Collection entries
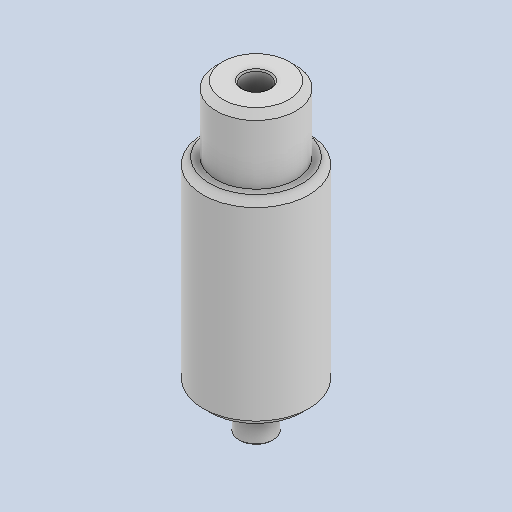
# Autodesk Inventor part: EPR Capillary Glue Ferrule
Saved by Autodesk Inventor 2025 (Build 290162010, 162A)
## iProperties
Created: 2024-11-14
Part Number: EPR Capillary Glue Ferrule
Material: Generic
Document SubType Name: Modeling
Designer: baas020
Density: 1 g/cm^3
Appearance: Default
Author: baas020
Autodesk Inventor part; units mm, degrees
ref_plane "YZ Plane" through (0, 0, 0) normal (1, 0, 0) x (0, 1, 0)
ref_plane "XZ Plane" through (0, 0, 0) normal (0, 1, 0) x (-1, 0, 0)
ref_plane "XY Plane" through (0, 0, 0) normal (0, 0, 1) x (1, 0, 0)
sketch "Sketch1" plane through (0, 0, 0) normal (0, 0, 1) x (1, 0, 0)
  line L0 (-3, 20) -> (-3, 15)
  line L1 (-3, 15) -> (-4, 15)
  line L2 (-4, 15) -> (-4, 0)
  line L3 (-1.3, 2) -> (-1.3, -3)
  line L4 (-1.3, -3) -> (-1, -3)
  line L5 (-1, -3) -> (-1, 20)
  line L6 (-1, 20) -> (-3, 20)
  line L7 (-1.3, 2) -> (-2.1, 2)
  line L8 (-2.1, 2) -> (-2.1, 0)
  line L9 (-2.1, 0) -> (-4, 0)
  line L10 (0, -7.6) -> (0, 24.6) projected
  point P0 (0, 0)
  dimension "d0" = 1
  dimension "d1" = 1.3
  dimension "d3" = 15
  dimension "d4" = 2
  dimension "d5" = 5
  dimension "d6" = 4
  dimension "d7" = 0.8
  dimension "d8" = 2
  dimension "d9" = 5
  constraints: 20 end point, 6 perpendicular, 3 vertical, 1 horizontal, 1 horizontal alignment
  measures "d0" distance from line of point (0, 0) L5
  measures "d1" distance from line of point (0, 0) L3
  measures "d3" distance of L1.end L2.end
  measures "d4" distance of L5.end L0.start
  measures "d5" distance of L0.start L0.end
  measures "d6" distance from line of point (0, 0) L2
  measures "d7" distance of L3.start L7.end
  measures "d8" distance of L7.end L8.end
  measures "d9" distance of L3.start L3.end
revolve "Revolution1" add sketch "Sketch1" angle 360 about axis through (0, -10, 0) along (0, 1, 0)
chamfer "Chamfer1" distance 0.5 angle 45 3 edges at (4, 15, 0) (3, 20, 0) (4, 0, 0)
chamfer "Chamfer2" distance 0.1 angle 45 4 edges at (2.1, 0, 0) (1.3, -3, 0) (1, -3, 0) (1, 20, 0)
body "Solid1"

* _WORK TO COMPLETE_
Restate word for word the lines of the data above, starting at the line containing "line L3 (-1.3, 2) -> (-1.3, -3)" and ending at the line containing "of L7.end L8.end", both included, and nothing more.

* _EXERCISE OUTPUT_
  line L3 (-1.3, 2) -> (-1.3, -3)
  line L4 (-1.3, -3) -> (-1, -3)
  line L5 (-1, -3) -> (-1, 20)
  line L6 (-1, 20) -> (-3, 20)
  line L7 (-1.3, 2) -> (-2.1, 2)
  line L8 (-2.1, 2) -> (-2.1, 0)
  line L9 (-2.1, 0) -> (-4, 0)
  line L10 (0, -7.6) -> (0, 24.6) projected
  point P0 (0, 0)
  dimension "d0" = 1
  dimension "d1" = 1.3
  dimension "d3" = 15
  dimension "d4" = 2
  dimension "d5" = 5
  dimension "d6" = 4
  dimension "d7" = 0.8
  dimension "d8" = 2
  dimension "d9" = 5
  constraints: 20 end point, 6 perpendicular, 3 vertical, 1 horizontal, 1 horizontal alignment
  measures "d0" distance from line of point (0, 0) L5
  measures "d1" distance from line of point (0, 0) L3
  measures "d3" distance of L1.end L2.end
  measures "d4" distance of L5.end L0.start
  measures "d5" distance of L0.start L0.end
  measures "d6" distance from line of point (0, 0) L2
  measures "d7" distance of L3.start L7.end
  measures "d8" distance of L7.end L8.end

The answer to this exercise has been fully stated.